Jailbreaking the Degree - iProject
http://techcrunch.com/2012/05/05/jailbreaking-the-degree/
======
dkrich
I don't think it's a coincidence that the major proponents of doing away with
traditional higher education and questioning the value of a college degree are
people with at least one degree (in many instances advanced degrees as well)
from very prestigious institutions. They believe that in a practical sense,
what you really need to know to perform you can gain more efficiently by
doing. They ask "Who knows better than somebody with expensive degrees how
worthless they are?"

I completely disagree with that and I believe the opposite is true. Only
people without degrees can speak reliably about whether they regret the
decision or not. They actually put themselves on the line. I'm not convinced
when I hear people with degrees say that they wish they had known that they
didn't need them before or that they would have been just as well without
them. That's like somebody who paid for flood insurance claiming "who knows
better than I how worthless flood insurance is?" Perhaps the guy down the
street who didn't buy it and lost his house.

Edit: And to the author's point about iTunes vs buying full albums- that
analogy is faulty. There have been community colleges around for many, many
years, but the reality is that companies just don't value individual
coursework as favorably as an entire degree, particularly one from a
prestigious school. The purchaser of a song has very different objectives than
a hirer. A song purchaser wants one song and does not want to pay ten times
the price to buy an entire album which might have three songs that he likes.
Clearly, single purchases are more efficient.

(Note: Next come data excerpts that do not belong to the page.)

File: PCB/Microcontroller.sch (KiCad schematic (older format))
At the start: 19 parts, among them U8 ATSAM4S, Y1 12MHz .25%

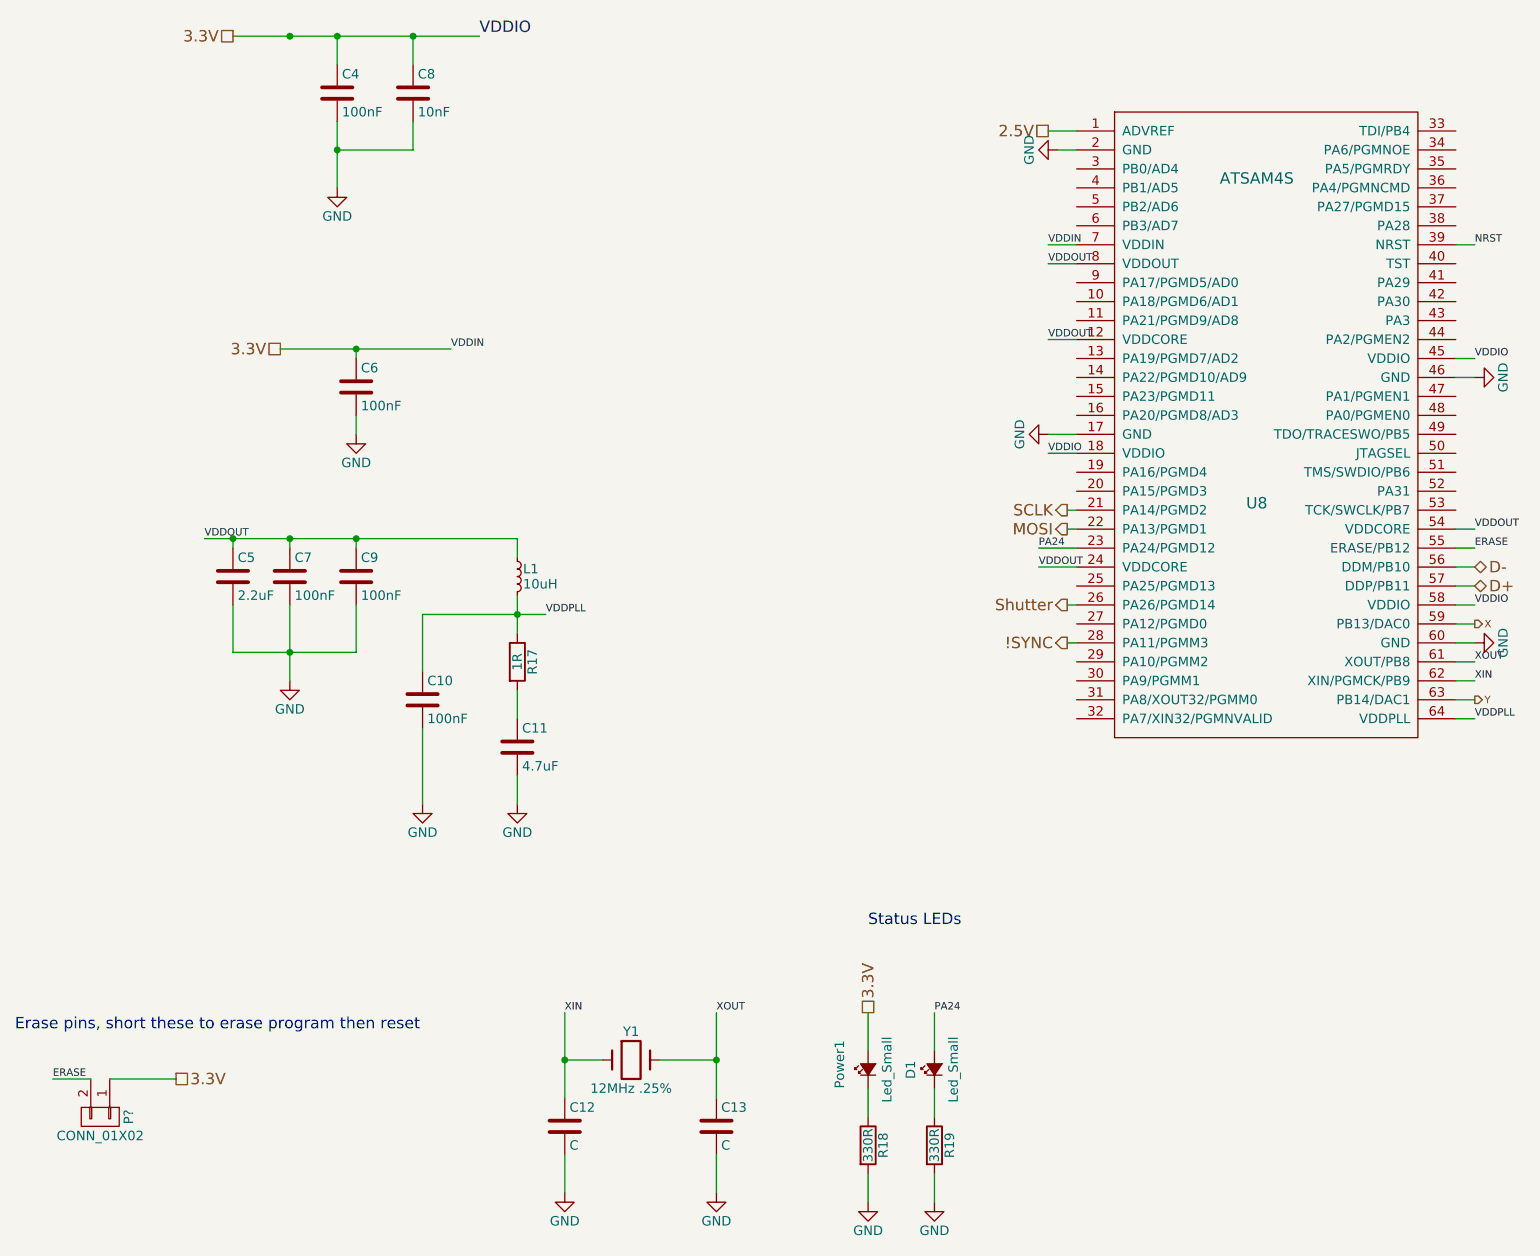
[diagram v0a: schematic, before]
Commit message: Reannotated Components
Annotated components to standards,
TODO: Add Silkscreen for signals on bottom
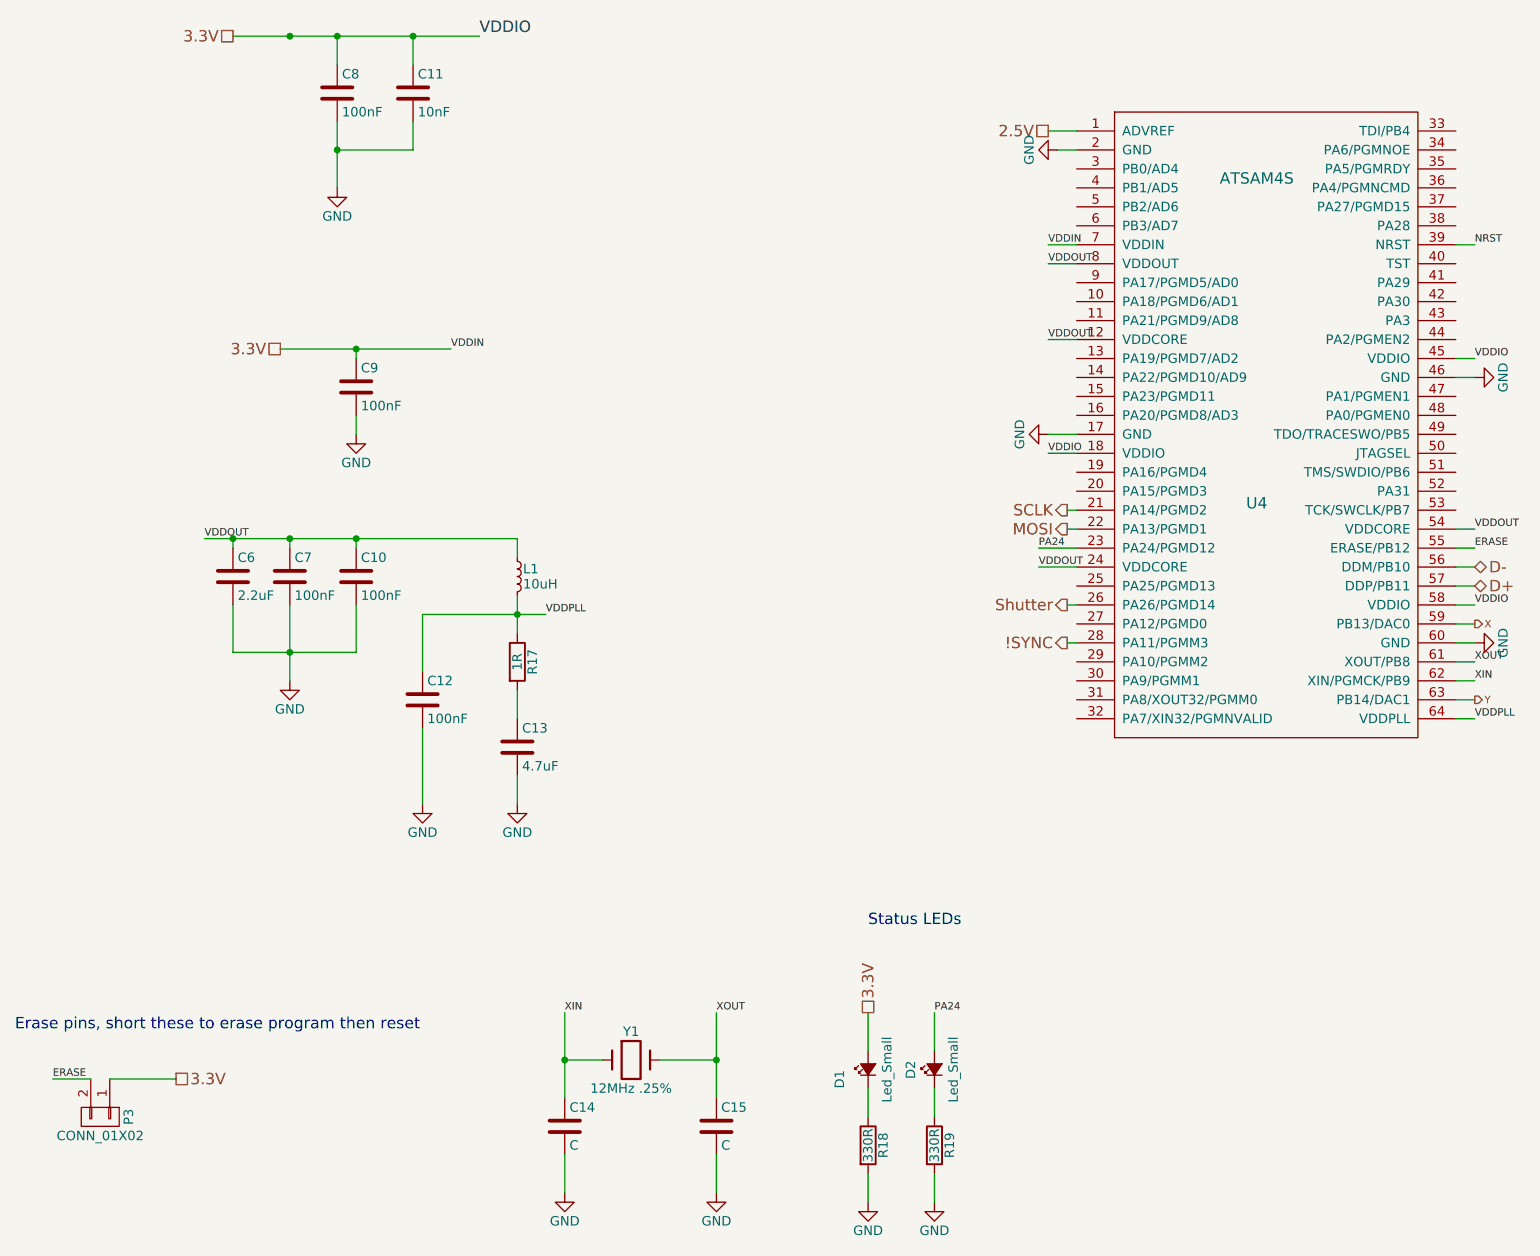
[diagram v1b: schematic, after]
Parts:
- gave numbers to parts that had none: 1
- renumbered C9 to C10, C8 to C11, C10 to C12, C11 to C13, C12 to C14, C13 to C15, C5 to C6, C4 to C8, C6 to C9, Power1 to D1, D1 to D2, U8 to U4
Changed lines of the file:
@@
 $EndDescr
 $Comp
-L ATSAM4S U8
+L ATSAM4S U4
 U 1 1 56B20B8A
 P 7250 2450
-F 0 "U8" H 7250 1137 60  0000 C CNN
+F 0 "U4" H 7250 1137 60  0000 C CNN
 F 1 "ATSAM4S" H 7250 2850 60  0000 C CNN
 F 2 "Housings_QFP:LQFP-64_10x10mm_Pitch0.5mm" H 7250 2850 60  0001 C CNN
@@
 3.3V
 $Comp
-L C C4
+L C C8
 U 1 1 56B26047
 P 2400 1600
-F 0 "C4" H 2425 1700 50  0000 L CNN
+F 0 "C8" H 2425 1700 50  0000 L CNN
 F 1 "100nF" H 2425 1500 50  0000 L CNN
 F 2 "Capacitors_SMD:C_0402" H 2438 1450 50  0001 C CNN
@@
 $EndComp
 $Comp
-L C C8
+L C C11
 U 1 1 56B26074
 P 2800 1600
-F 0 "C8" H 2825 1700 50  0000 L CNN
+F 0 "C11" H 2825 1700 50  0000 L CNN
 F 1 "10nF" H 2825 1500 50  0000 L CNN
 F 2 "Capacitors_SMD:C_0402" H 2838 1450 50  0001 C CNN
@@
 $EndComp
 $Comp
-L C C6
+L C C9
 U 1 1 56B26180
 P 2500 3150
-F 0 "C6" H 2525 3250 50  0000 L CNN
+F 0 "C9" H 2525 3250 50  0000 L CNN
 F 1 "100nF" H 2525 3050 50  0000 L CNN
 F 2 "Capacitors_SMD:C_0402" H 2538 3000 50  0001 C CNN
@@
 $EndComp
 $Comp
-L C C9
+L C C10
 U 1 1 56B262EF
 P 2500 4150
-F 0 "C9" H 2525 4250 50  0000 L CNN
+F 0 "C10" H 2525 4250 50  0000 L CNN
 F 1 "100nF" H 2525 4050 50  0000 L CNN
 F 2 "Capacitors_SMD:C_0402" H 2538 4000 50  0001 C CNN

But when it comes to hiring, there is no added cost. If I am hiring for a
position with a stated salary, I want the most qualified person I can find. If
I can hire a guy with three degrees in Computer Science from MIT, I don't
really care about the guy with the Microsoft and Cisco certification, even if
those are things that are precisely what you need to know on the job. College
is absolutely an intelligence test and screening tool, and people are naive to
believe that it isn't. If you pull back and decide you are going to turn down
MIT and go learn just the skills you need for your job, there are going to be
5,000 people lined up behind you ready to saddle themselves with debt and work
through four years of college to get the degree and you will facing an uphill
battle. So in the case of iTunes, a comparable situation is if I had $0.99 to
spend on a song, and had hundreds of full albums with that song offered for my
$0.99. In that case, I am not going to buy the single song.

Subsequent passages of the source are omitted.